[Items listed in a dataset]
■ ■ ■ ■ ■

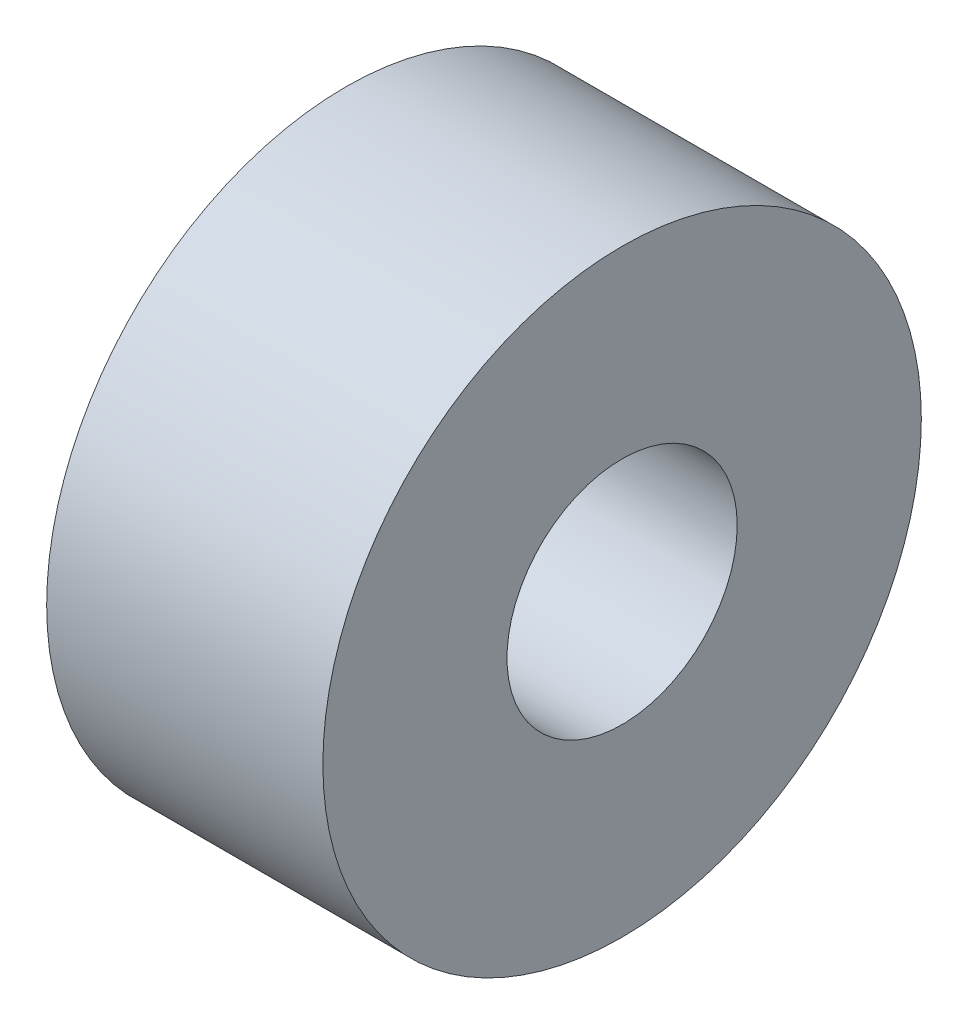
SolidWorks part; units mm, degrees
ref_plane "前视基准面" through (0, 0, 0) normal (0, 0, 1) x (1, 0, 0)
ref_plane "上视基准面" through (0, 0, 0) normal (0, 1, 0) x (1, 0, 0)
ref_plane "右视基准面" through (0, 0, 0) normal (1, 0, 0) x (0, 0, -1)
other "Configuration Table"
sketch "草图1" plane through (0, 0, 0) normal (1, 0, 0) x (0, 0, -1)
  circle A0 centre (0, 0) radius 25
  circle A1 centre (0, 0) radius 65
  dimension "D1" = 50
  dimension "D2" = 130
extrude "凸台-拉伸1" add sketch "草图1" along normal blind 60
ref_plane "基准面1" through (30, 0, 0) normal (1, 0, 0) x (0, 0, -1)
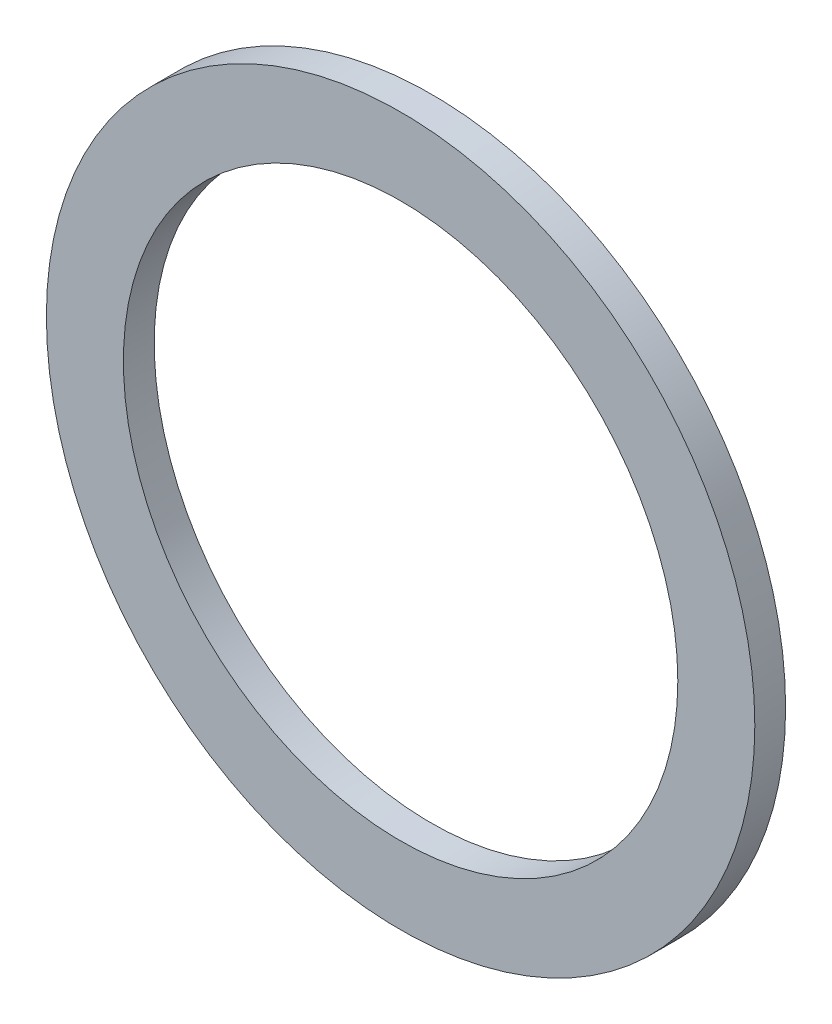
SolidWorks part; units mm, degrees
ref_plane "Front Plane" through (0, 0, 0) normal (0, 0, 1) x (1, 0, 0)
ref_plane "Top Plane" through (0, 0, 0) normal (0, 1, 0) x (1, 0, 0)
ref_plane "Right Plane" through (0, 0, 0) normal (1, 0, 0) x (0, 0, -1)
sketch "Sketch1" plane through (0, 0, 0) normal (0, 0, 1) x (1, 0, 0)
  circle A0 centre (0, 0) radius 115
  circle A1 centre (0, 0) radius 90
  dimension "D1" = 230
  dimension "D2" = 180
extrude "Boss-Extrude1" add sketch "Sketch1" along normal mid plane 10

■ ■ ■ ■ ■

With the pictures omitted, repeat the full set of records above exactly.

» **Completed task**:
SolidWorks part; units mm, degrees
ref_plane "前视基准面" through (0, 0, 0) normal (0, 0, 1) x (1, 0, 0)
ref_plane "上视基准面" through (0, 0, 0) normal (0, 1, 0) x (1, 0, 0)
ref_plane "右视基准面" through (0, 0, 0) normal (1, 0, 0) x (0, 0, -1)
other "Configuration Table"
sketch "草图1" plane through (0, 0, 0) normal (1, 0, 0) x (0, 0, -1)
  circle A0 centre (0, 0) radius 25
  circle A1 centre (0, 0) radius 65
  dimension "D1" = 50
  dimension "D2" = 130
extrude "凸台-拉伸1" add sketch "草图1" along normal blind 60
ref_plane "基准面1" through (30, 0, 0) normal (1, 0, 0) x (0, 0, -1)
SolidWorks part; units mm, degrees
ref_plane "Front Plane" through (0, 0, 0) normal (0, 0, 1) x (1, 0, 0)
ref_plane "Top Plane" through (0, 0, 0) normal (0, 1, 0) x (1, 0, 0)
ref_plane "Right Plane" through (0, 0, 0) normal (1, 0, 0) x (0, 0, -1)
sketch "Sketch1" plane through (0, 0, 0) normal (0, 0, 1) x (1, 0, 0)
  circle A0 centre (0, 0) radius 115
  circle A1 centre (0, 0) radius 90
  dimension "D1" = 230
  dimension "D2" = 180
extrude "Boss-Extrude1" add sketch "Sketch1" along normal mid plane 10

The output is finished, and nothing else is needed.